Hemmm.. Hanya dengan melihat gambar pemandangan di desa Yahwari melalui goresan tangan Kim Dong Hwa ini rasanya seperti diajak pulang ke kampung halaman kedua orang tuaku di Sleman, Jogja. Suatu tempat dimana sawah-sawah menghijau,sungai bening mengalir dari mata air gunung, udara yang bersih, dan penduduk yang mayoritas simbah-simbah ramah dan murah senyum *mayoritas anak mudanya merantau ke kota besar*. Setiap ada anak-cucu datang dari Jakarta atau kota besar lain, para tetangga langsung berkumpul sambil membawa beragam buah tangan yang enak-enak, seperti: gethuk singkong gula merah yang ditaburi parutan kelapa muda, geplak, peyek bayam, selondhok, dan sebagainya *lap iler*. Sementara aku dan adikku rebutan gethuk singkong gula merah, para simbah rebutan menanyakan kabar kami selama jauh dari kampung halaman.

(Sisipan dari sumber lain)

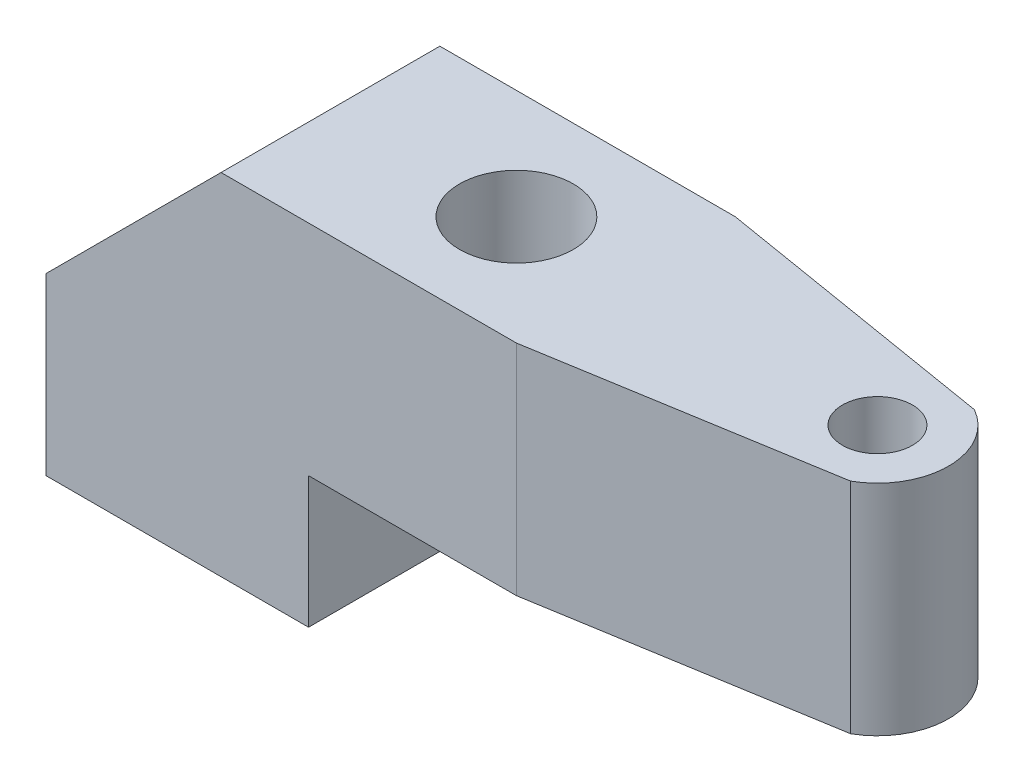
from build123d import *

# Parameters (mm, degrees)
SKETCH1_R             = 5.9875
SKETCH1_R_2           = 1.7
SKETCH1_R_3           = 1.6
BOSS_EXTRUDE1_DEPTH   = 6
MOVE_FACE1_BY         = 5
MOVE_FACE1_2_BY       = 5
MOVE_FACE1_3_BY       = 5
MOVE_FACE1_4_BY       = 5
M4X0_7_TAPPED_HOLE2_D = 3.3
POCKET_WALLS_DEPTH    = 2.6
RIB_PATTERN_DEPTH     = 3
MOVE_FACE2_BY         = 4.5
MOVE_FACE2_2_BY       = 4.5
MOVE_FACE2_3_BY       = 4.5
MOVE_FACE2_4_BY       = 4.5
MOVE_FACE2_5_BY       = 4.5
MOVE_FACE2_6_BY       = 4.5
MOVE_FACE2_7_BY       = 4.5
MOVE_FACE2_8_BY       = 4.5
MOVE_FACE2_9_BY       = 4.5
MOVE_FACE2_10_BY      = 4.5
MOVE_FACE2_11_BY      = 4.5
MOVE_FACE2_12_BY      = 4.5
MOVE_FACE2_13_BY      = 4.5
MOVE_FACE2_14_BY      = 4.5
BOSS_EXTRUDE6_REACH   = 382.427
SKETCH19_W            = 1
SKETCH19_H            = 3
BOSS_EXTRUDE7_REACH   = 375.768
SKETCH20_W            = 1
SKETCH20_H            = 3
CUT_EXTRUDE4_DEPTH    = 4.5
POCKET_FILLETS_R      = 2.5
FILLET9_R             = 3
MOVE_FACE3_BY         = 12
MOVE_FACE3_2_BY       = 12
SKETCH23_W            = 12
SKETCH23_H            = 38.175
CUT_EXTRUDE5_DEPTH    = 245.489391385
MOVE_FACE4_BY         = 4
MOVE_FACE4_2_BY       = 4
FILLET6_R             = 5
FILLET7_R             = 11
FILLET8_START         = -1
FILLET8_DEPTH         = 8
FILLET8_2_DEPTH       = 6
SKETCH25_R            = 1.6
SKETCH25_R_2          = 2.6
BOSS_EXTRUDE9_DEPTH   = 10
SKETCH26_W            = 12
SKETCH26_H            = 10
BOSS_EXTRUDE10_DEPTH  = 6
CHAMFER2_SIZE         = 8


with BuildPart() as part:
    # Sketch1 → Boss-Extrude1 (new body)
    with BuildSketch(Plane(origin=(0, 0, 0), x_dir=(1, 0, 0), z_dir=(0, 1, 0))):
        Polygon((-240, 46.25), (-198, 46.25), (-198, 26.5), (198, 26.5), (198, 46.25), (240, 46.25), (240, -18.75), (201, -18.75), (201, 0), (-201, 0), (-201, -18.75), (-240, -18.75), align=None)
        with Locations(Location((-231, 24.425, 0), (0, 0, 270))):
            Circle(SKETCH1_R, mode=Mode.SUBTRACT)
        with Locations(Location((-214.5, 37.25, 0), (0, 0, 270))):
            Circle(SKETCH1_R, mode=Mode.SUBTRACT)
        with Locations(Location((214.5, 37.25, 0), (0, 0, 90))):
            Circle(SKETCH1_R, mode=Mode.SUBTRACT)
        with Locations(Location((231, 24.425, 0), (0, 0, 90))):
            Circle(SKETCH1_R, mode=Mode.SUBTRACT)
        with Locations(Location((-204.5, -6.05, 0), (0, 0, 270))):
            Circle(SKETCH1_R_2, mode=Mode.SUBTRACT)
        with Locations(Location((-224.5, -6.05, 0), (0, 0, 270))):
            Circle(SKETCH1_R_2, mode=Mode.SUBTRACT)
        with Locations(Location((-204.5, 13.95, 0), (0, 0, 270))):
            Circle(SKETCH1_R_2, mode=Mode.SUBTRACT)
        with Locations(Location((-224.5, 13.95, 0), (0, 0, 270))):
            Circle(SKETCH1_R_2, mode=Mode.SUBTRACT)
        with Locations(Location((204.5, -6.05, 0), (0, 0, 90))):
            Circle(SKETCH1_R_2, mode=Mode.SUBTRACT)
        with Locations(Location((204.5, 13.95, 0), (0, 0, 90))):
            Circle(SKETCH1_R_2, mode=Mode.SUBTRACT)
        with Locations(Location((224.5, 13.95, 0), (0, 0, 90))):
            Circle(SKETCH1_R_2, mode=Mode.SUBTRACT)
        with Locations(Location((224.5, -6.05, 0), (0, 0, 90))):
            Circle(SKETCH1_R_2, mode=Mode.SUBTRACT)
        with Locations(Location((-187.5, 13.25, 0), (0, 0, 270))):
            Circle(SKETCH1_R_3, mode=Mode.SUBTRACT)
        with Locations(Location((-162.5, 13.25, 0), (0, 0, 270))):
            Circle(SKETCH1_R_3, mode=Mode.SUBTRACT)
        with Locations(Location((-137.5, 13.25, 0), (0, 0, 270))):
            Circle(SKETCH1_R_3, mode=Mode.SUBTRACT)
        with Locations(Location((-112.5, 13.25, 0), (0, 0, 270))):
            Circle(SKETCH1_R_3, mode=Mode.SUBTRACT)
        with Locations(Location((-87.5, 13.25, 0), (0, 0, 270))):
            Circle(SKETCH1_R_3, mode=Mode.SUBTRACT)
        with Locations(Location((-62.5, 13.25, 0), (0, 0, 270))):
            Circle(SKETCH1_R_3, mode=Mode.SUBTRACT)
        with Locations(Location((-37.5, 13.25, 0), (0, 0, 270))):
            Circle(SKETCH1_R_3, mode=Mode.SUBTRACT)
        with Locations(Location((-12.5, 13.25, 0), (0, 0, 270))):
            Circle(SKETCH1_R_3, mode=Mode.SUBTRACT)
        with Locations(Location((12.5, 13.25, 0), (0, 0, 270))):
            Circle(SKETCH1_R_3, mode=Mode.SUBTRACT)
        with Locations(Location((37.5, 13.25, 0), (0, 0, 270))):
            Circle(SKETCH1_R_3, mode=Mode.SUBTRACT)
        with Locations(Location((62.5, 13.25, 0), (0, 0, 270))):
            Circle(SKETCH1_R_3, mode=Mode.SUBTRACT)
        with Locations(Location((87.5, 13.25, 0), (0, 0, 270))):
            Circle(SKETCH1_R_3, mode=Mode.SUBTRACT)
        with Locations(Location((112.5, 13.25, 0), (0, 0, 270))):
            Circle(SKETCH1_R_3, mode=Mode.SUBTRACT)
        with Locations(Location((137.5, 13.25, 0), (0, 0, 270))):
            Circle(SKETCH1_R_3, mode=Mode.SUBTRACT)
        with Locations(Location((-231, 37.25, 0), (0, 0, 270))):
            Circle(SKETCH1_R_3, mode=Mode.SUBTRACT)
        with Locations(Location((231, 37.25, 0), (0, 0, 90))):
            Circle(SKETCH1_R_3, mode=Mode.SUBTRACT)
        with Locations(Location((162.5, 13.25, 0), (0, 0, 270))):
            Circle(SKETCH1_R_3, mode=Mode.SUBTRACT)
        with Locations(Location((187.5, 13.25, 0), (0, 0, 270))):
            Circle(SKETCH1_R_3, mode=Mode.SUBTRACT)
    extrude(amount=BOSS_EXTRUDE1_DEPTH)

    # Move Face1: a curved face moved outward by 5.0
    add(Solid.thicken(part.faces().sort_by_distance((231, 3, -18.4375))[0], MOVE_FACE1_BY))

    # Move Face1 2: a curved face moved outward by 5.0
    add(Solid.thicken(part.faces().sort_by_distance((214.5, 3, -31.2625))[0], MOVE_FACE1_2_BY))

    # Move Face1 3: a curved face moved outward by 5.0
    add(Solid.thicken(part.faces().sort_by_distance((-214.5, 3, -43.2375))[0], MOVE_FACE1_3_BY))

    # Move Face1 4: a curved face moved outward by 5.0
    add(Solid.thicken(part.faces().sort_by_distance((-231, 3, -30.4125))[0], MOVE_FACE1_4_BY))

    # M4x0.7 Tapped Hole2 (through all)
    with Locations(Plane(origin=(0, 6, 0), x_dir=(1, 0, 0), z_dir=(0, 1, 0))):
        with Locations((-214.5, 37.25), (-231, 24.425), (231, 24.425), (214.5, 37.25)):
            Hole(M4X0_7_TAPPED_HOLE2_D / 2)

    # Sketch13 → Pocket Walls (add)
    with BuildSketch(Plane.XY):
        Polygon((-214, 6), (-208.803847577, 9), (208.803847577, 9), (214, 6), align=None)
    pocket_walls = extrude(amount=-POCKET_WALLS_DEPTH)

    # Mirror1: Pocket Walls across plane
    add(pocket_walls.mirror(Plane.XY.offset(-13.25)))

    # zig_zag_style_1 → Rib Pattern (add)
    with BuildSketch(Plane(origin=(0, 6, 0), x_dir=(1, 0, 0), z_dir=(0, 1, 0))):
        Polygon((-186.851468198, 1.838812439), (-162.5, 22.586263345), (-137.5, 1.286263345), (-112.5, 22.586263345), (-87.5, 1.286263345), (-62.5, 22.586263345), (-37.5, 1.286263345), (-12.5, 22.586263345), (12.5, 1.286263345), (37.5, 22.586263345), (62.5, 1.286263345), (87.5, 22.586263345), (112.5, 1.286263345), (137.5, 22.586263345), (162.5, 1.286263345), (188.148531802, 23.138812439), (186.851468198, 24.661187561), (162.5, 3.913736655), (137.5, 25.213736655), (112.5, 3.913736655), (87.5, 25.213736655), (62.5, 3.913736655), (37.5, 25.213736655), (12.5, 3.913736655), (-12.5, 25.213736655), (-37.5, 3.913736655), (-62.5, 25.213736655), (-87.5, 3.913736655), (-112.5, 25.213736655), (-137.5, 3.913736655), (-162.5, 25.213736655), (-188.148531802, 3.361187561), align=None)
    extrude(amount=RIB_PATTERN_DEPTH)

    # Move Face2: a face moved inward by 4.5
    extrude(part.faces().sort_by_distance((162.5, 6, -17.307514961))[0], amount=MOVE_FACE2_BY, dir=(0, -1, 0), mode=Mode.SUBTRACT)

    # Move Face2 2: a face moved inward by 4.5
    extrude(part.faces().sort_by_distance((137.5, 6, -9.192485039))[0], amount=MOVE_FACE2_2_BY, dir=(0, -1, 0), mode=Mode.SUBTRACT)

    # Move Face2 3: a face moved inward by 4.5
    extrude(part.faces().sort_by_distance((112.5, 6, -17.307514961))[0], amount=MOVE_FACE2_3_BY, dir=(0, -1, 0), mode=Mode.SUBTRACT)

    # Move Face2 4: a face moved inward by 4.5
    extrude(part.faces().sort_by_distance((87.5, 6, -9.192485039))[0], amount=MOVE_FACE2_4_BY, dir=(0, -1, 0), mode=Mode.SUBTRACT)

    # Move Face2 5: a face moved inward by 4.5
    extrude(part.faces().sort_by_distance((62.5, 6, -17.307514961))[0], amount=MOVE_FACE2_5_BY, dir=(0, -1, 0), mode=Mode.SUBTRACT)

    # Move Face2 6: a face moved inward by 4.5
    extrude(part.faces().sort_by_distance((37.5, 6, -9.192485039))[0], amount=MOVE_FACE2_6_BY, dir=(0, -1, 0), mode=Mode.SUBTRACT)

    # Move Face2 7: a face moved inward by 4.5
    extrude(part.faces().sort_by_distance((12.5, 6, -17.307514961))[0], amount=MOVE_FACE2_7_BY, dir=(0, -1, 0), mode=Mode.SUBTRACT)

    # Move Face2 8: a face moved inward by 4.5
    extrude(part.faces().sort_by_distance((-12.5, 6, -9.192485039))[0], amount=MOVE_FACE2_8_BY, dir=(0, -1, 0), mode=Mode.SUBTRACT)

    # Move Face2 9: a face moved inward by 4.5
    extrude(part.faces().sort_by_distance((-37.5, 6, -17.307514961))[0], amount=MOVE_FACE2_9_BY, dir=(0, -1, 0), mode=Mode.SUBTRACT)

    # Move Face2 10: a face moved inward by 4.5
    extrude(part.faces().sort_by_distance((-62.5, 6, -9.192485039))[0], amount=MOVE_FACE2_10_BY, dir=(0, -1, 0), mode=Mode.SUBTRACT)

    # Move Face2 11: a face moved inward by 4.5
    extrude(part.faces().sort_by_distance((-87.5, 6, -17.307514961))[0], amount=MOVE_FACE2_11_BY, dir=(0, -1, 0), mode=Mode.SUBTRACT)

    # Move Face2 12: a face moved inward by 4.5
    extrude(part.faces().sort_by_distance((-112.5, 6, -9.192485039))[0], amount=MOVE_FACE2_12_BY, dir=(0, -1, 0), mode=Mode.SUBTRACT)

    # Move Face2 13: a face moved inward by 4.5
    extrude(part.faces().sort_by_distance((-162.5, 6, -9.192485039))[0], amount=MOVE_FACE2_13_BY, dir=(0, -1, 0), mode=Mode.SUBTRACT)

    # Move Face2 14: a face moved inward by 4.5
    extrude(part.faces().sort_by_distance((-137.5, 6, -17.307514961))[0], amount=MOVE_FACE2_14_BY, dir=(0, -1, 0), mode=Mode.SUBTRACT)

    # Boss-Extrude6: up to this face of the body (flat: up to its plane)
    boss_extrude6_end = Plane(part.part.faces().sort_by_distance((199.498029235, 7.445651316, -23.9))[0])
    # Sketch19 → Boss-Extrude6 (add, up to the picked face)
    with BuildSketch(Plane(origin=(120.437057913, 0, -102.612373342), x_dir=(-0.6485318015860708, 0, -0.7611875605470214), z_dir=(0.7611875605470213, 0, -0.6485318015860707)), mode=Mode.PRIVATE) as boss_extrude6_sk1:
        with Locations((-103.9073301, 7.5)):
            Rectangle(SKETCH19_W, SKETCH19_H)
    boss_extrude6_tool1 = split(extrude(boss_extrude6_sk1.sketch, amount=BOSS_EXTRUDE6_REACH, mode=Mode.PRIVATE), bisect_by=boss_extrude6_end, keep=Keep.BOTH, mode=Mode.PRIVATE)
    add(boss_extrude6_tool1.solids().sort_by(Axis((187.824266, 7.5, -23.519406), (0.7611875605470213, 0, -0.6485318015860707)))[0])

    # Boss-Extrude7: up to this face of the body (flat: up to its plane)
    boss_extrude7_end = Plane(part.part.faces().sort_by_distance((-199.498029235, 7.445651316, -2.6))[0])
    # Sketch20 → Boss-Extrude7 (add, up to the picked face)
    with BuildSketch(Plane(origin=(-107.355217903, 0, 91.466645654), x_dir=(0.6485318015860708, 0, 0.7611875605470213), z_dir=(-0.7611875605470213, 0, 0.6485318015860708)), mode=Mode.PRIVATE) as boss_extrude7_sk1:
        with Locations((-124.078800455, 7.5)):
            Rectangle(SKETCH20_W, SKETCH20_H)
    boss_extrude7_tool1 = split(extrude(boss_extrude7_sk1.sketch, amount=BOSS_EXTRUDE7_REACH, mode=Mode.PRIVATE), bisect_by=boss_extrude7_end, keep=Keep.BOTH, mode=Mode.PRIVATE)
    add(boss_extrude7_tool1.solids().sort_by(Axis((-187.824266, 7.5, -2.980594), (-0.7611875605470213, 0, 0.6485318015860708)))[0])

    # Sketch22 → Cut-Extrude4 (cut)
    with BuildSketch(Plane(origin=(0, 6, 0), x_dir=(1, 0, 0), z_dir=(0, 1, 0))):
        Polygon((-201, 2.6), (-201, 23.9), (-164.041944431, 23.9), (-189.041944431, 2.6), align=None)
        Polygon((201, 2.6), (201, 23.9), (189.041944431, 23.9), (164.041944431, 2.6), align=None)
    extrude(amount=-CUT_EXTRUDE4_DEPTH, mode=Mode.SUBTRACT)

    # Pocket FIllets
    pocket_fillets_edges = [part.edges().sort_by_distance(p)[0] for p in [
        (185.958055569, 5.25, -23.9),
        (139.041944431, 5.25, -23.9),
        (135.958055569, 5.25, -23.9),
        (89.041944431, 5.25, -23.9),
        (85.958055569, 5.25, -23.9),
        (39.041944431, 5.25, -23.9),
        (35.958055569, 5.25, -23.9),
        (-10.958055569, 5.25, -23.9),
        (-14.041944431, 5.25, -23.9),
        (-60.958055569, 5.25, -23.9),
        (-64.041944431, 5.25, -23.9),
        (-110.958055569, 5.25, -23.9),
        (-114.041944431, 5.25, -23.9),
        (-160.958055569, 5.25, -23.9),
        (-164.041944431, 5.25, -23.9),
        (164.041944431, 5.25, -2.6),
        (-185.958055569, 5.25, -2.6),
        (-139.041944431, 5.25, -2.6),
        (-135.958055569, 5.25, -2.6),
        (-89.041944431, 5.25, -2.6),
        (-85.958055569, 5.25, -2.6),
        (-39.041944431, 5.25, -2.6),
        (-35.958055569, 5.25, -2.6),
        (10.958055569, 5.25, -2.6),
        (14.041944431, 5.25, -2.6),
        (60.958055569, 5.25, -2.6),
        (64.041944431, 5.25, -2.6),
        (110.958055569, 5.25, -2.6),
        (114.041944431, 5.25, -2.6),
        (160.958055569, 5.25, -2.6),
        (137.5, 5.25, -22.586263345),
        (87.5, 5.25, -22.586263345),
        (37.5, 5.25, -22.586263345),
        (-12.5, 5.25, -22.586263345),
        (-62.5, 5.25, -22.586263345),
        (-112.5, 5.25, -22.586263345),
        (-162.5, 5.25, -22.586263345),
        (-137.5, 5.25, -3.913736655),
        (-87.5, 5.25, -3.913736655),
        (-37.5, 5.25, -3.913736655),
        (12.5, 5.25, -3.913736655),
        (62.5, 5.25, -3.913736655),
        (112.5, 5.25, -3.913736655),
        (162.5, 5.25, -3.913736655),
        (189.041944431, 5.25, -23.9),
        (-189.041944431, 5.25, -2.6),
    ]]
    fillet(pocket_fillets_edges, radius=POCKET_FILLETS_R)

    # Fillet9
    fillet9_edges = [part.edges().sort_by_distance(p)[0] for p in [
        (-201, 3.75, -2.6),
        (-201, 3.75, -23.9),
        (201, 3.75, -2.6),
        (201, 3.75, -23.9),
    ]]
    fillet(fillet9_edges, radius=FILLET9_R)

    # Move Face3: a face moved inward by 12.0
    extrude(part.faces().sort_by_distance((198, 3, -36.375))[0], amount=MOVE_FACE3_BY, dir=(1, 0, 0), mode=Mode.SUBTRACT)

    # Move Face3 2: a face moved inward by 12.0
    extrude(part.faces().sort_by_distance((-198, 3, -36.375))[0], amount=MOVE_FACE3_2_BY, dir=(-1, 0, 0), mode=Mode.SUBTRACT)

    # Sketch23 → Cut-Extrude5 (cut, through all)
    with BuildSketch(Plane(origin=(0, 6, 0), x_dir=(1, 0, 0), z_dir=(0, 1, 0))):
        with Locations((-234, 0.3375)):
            Rectangle(SKETCH23_W, SKETCH23_H)
        with Locations((234, 0.3375)):
            Rectangle(SKETCH23_W, SKETCH23_H)
    extrude(amount=-CUT_EXTRUDE5_DEPTH, mode=Mode.SUBTRACT)

    # Move Face4: a face moved inward by 4.0
    extrude(part.faces().sort_by_distance((-240, 3, -32.8375))[0], amount=MOVE_FACE4_BY, dir=(1, 0, 0), mode=Mode.SUBTRACT)

    # Move Face4 2: a face moved inward by 4.0
    extrude(part.faces().sort_by_distance((240, 3, -32.8375))[0], amount=MOVE_FACE4_2_BY, dir=(-1, 0, 0), mode=Mode.SUBTRACT)

    # Fillet6
    fillet6_edges = [part.edges().sort_by_distance(p)[0] for p in [
        (-210, 3, -46.25),
        (-210, 3, -26.5),
        (210, 3, -26.5),
        (210, 3, -46.25),
        (201, 3, 18.75),
        (201, 3, 0),
        (-201, 3, 0),
        (-201, 3, 18.75),
        (-228, 3, 18.75),
        (228, 3, 18.75),
    ]]
    fillet(fillet6_edges, radius=FILLET6_R)

    # Fillet7
    fillet7_edges = [part.edges().sort_by_distance(p)[0] for p in [
        (-236, 3, -46.25),
        (236, 3, -46.25),
    ]]
    fillet(fillet7_edges, radius=FILLET7_R)

    # Fillet8: read off the stored shape, not the designer's step
    # Fillet8 outline → Fillet8 (cut)
    with BuildSketch(Plane(origin=(0, 0, 0), x_dir=(1, 0, 0), z_dir=(0, 1, 0)).offset(FILLET8_START)):
        with BuildLine():
            Line((-236, 19.425), (-232, 19.425))
            ThreePointArc((-232, 19.425), (-234.828427125, 20.596572875), (-236, 23.425))
            Line((-236, 23.425), (-236, 19.425))
        make_face()
        with BuildLine():
            ThreePointArc((236, 23.425), (234.828427125, 20.596572875), (232, 19.425))
            Line((232, 19.425), (236, 19.425))
            Line((236, 19.425), (236, 23.425))
        make_face()
    extrude(amount=FILLET8_DEPTH, mode=Mode.SUBTRACT)

    # Fillet8 2 outline → Fillet8 2 (add)
    with BuildSketch(Plane(origin=(0, 0, 0), x_dir=(1, 0, 0), z_dir=(0, 1, 0))):
        with BuildLine():
            Line((-228, 19.425), (-232, 19.425))
            ThreePointArc((-232, 19.425), (-229.171572875, 18.253427125), (-228, 15.425))
            Line((-228, 15.425), (-228, 19.425))
        make_face()
        with BuildLine():
            Line((228, 19.425), (228, 15.425))
            ThreePointArc((228, 15.425), (229.171572875, 18.253427125), (232, 19.425))
            Line((232, 19.425), (228, 19.425))
        make_face()
    extrude(amount=FILLET8_2_DEPTH)


with BuildPart() as body_2:
    # Sketch25 → Boss-Extrude9 (new body)
    with BuildSketch(Plane(origin=(0, 6, 0), x_dir=(1, 0, 0), z_dir=(0, 1, 0))):
        with BuildLine():
            Line((198, 32.25), (198, 42.25))
            Line((198, 42.25), (219.5, 42.25))
            Line((219.5, 42.25), (232.6, 40.078869032))
            ThreePointArc((232.6, 40.078869032), (234.25, 37.25), (232.6, 34.421130968))
            Line((232.6, 34.421130968), (219.5, 32.25))
            Line((219.5, 32.25), (198, 32.25))
        make_face()
        with Locations(Location((231, 37.25, 0), (0, 0, 270))):
            Circle(SKETCH25_R, mode=Mode.SUBTRACT)
        with Locations(Location((214.5, 37.25, 0), (0, 0, 270))):
            Circle(SKETCH25_R_2, mode=Mode.SUBTRACT)
    extrude(amount=BOSS_EXTRUDE9_DEPTH)

    # Sketch26 → Boss-Extrude10 (add)
    with BuildSketch(Plane.XZ.offset(-6)):
        with Locations((204, -37.25)):
            Rectangle(SKETCH26_W, SKETCH26_H)
    extrude(amount=BOSS_EXTRUDE10_DEPTH)

    # Chamfer2
    chamfer2_edges = [body_2.edges().sort_by_distance(p)[0] for p in [
        (198, 16, -37.25),
    ]]
    chamfer(chamfer2_edges, length=CHAMFER2_SIZE)


solid = body_2.part

Setelah membaca cerita 'pagoda baru' atau cerita 'teman si pria tua', aku jadi mengerti sekarang mengapa para simbah itu antusias njagong mengobrol hingga larut malam dengan kami. Tentu mereka kesepian karena mayoritas anak-cucu merantau. Dan kala ada salah satu anak-cucu tetangga yang mudik, kesepian mereka akan sedikit terobati. Jadi disela-sela ngobrol santai itu, pasti terselip pertanyaan tentang kabar anak-cucu mereka yang juga merantau di Jakarta. Tak jarang pula, ketika kami kembali ke Jakarta, bawaan kami bertambah dua kali lipat karena kami berperan sebagai 'kurir' bagi anak-cucu para simbah yang juga tinggal di Jakarta.
Nenekku pun mungkin seperti para simbah itu juga, karena semua anaknya merantau di kota-kota besar. Apalagi putri tertuanya sekarang tinggal di Nabire, Papua. Di dinding rumah nenekku, terpajang berbagai foto anak-cucu dalam bingkai sederhana. Ada foto pernikahan, foto wisuda, foto sepupuku ketika bayi, bahkan ada fotoku ketika berulang tahun yang pertama *yeayy..aku sudah punya fans di usia 1 tahun*.
Buatku, membaca buku ini mampu membuatku kembali ke masa kecil kala liburan ke rumah nenek. Mengingat kenangan manis yang akan lekat hingga akhir hayat.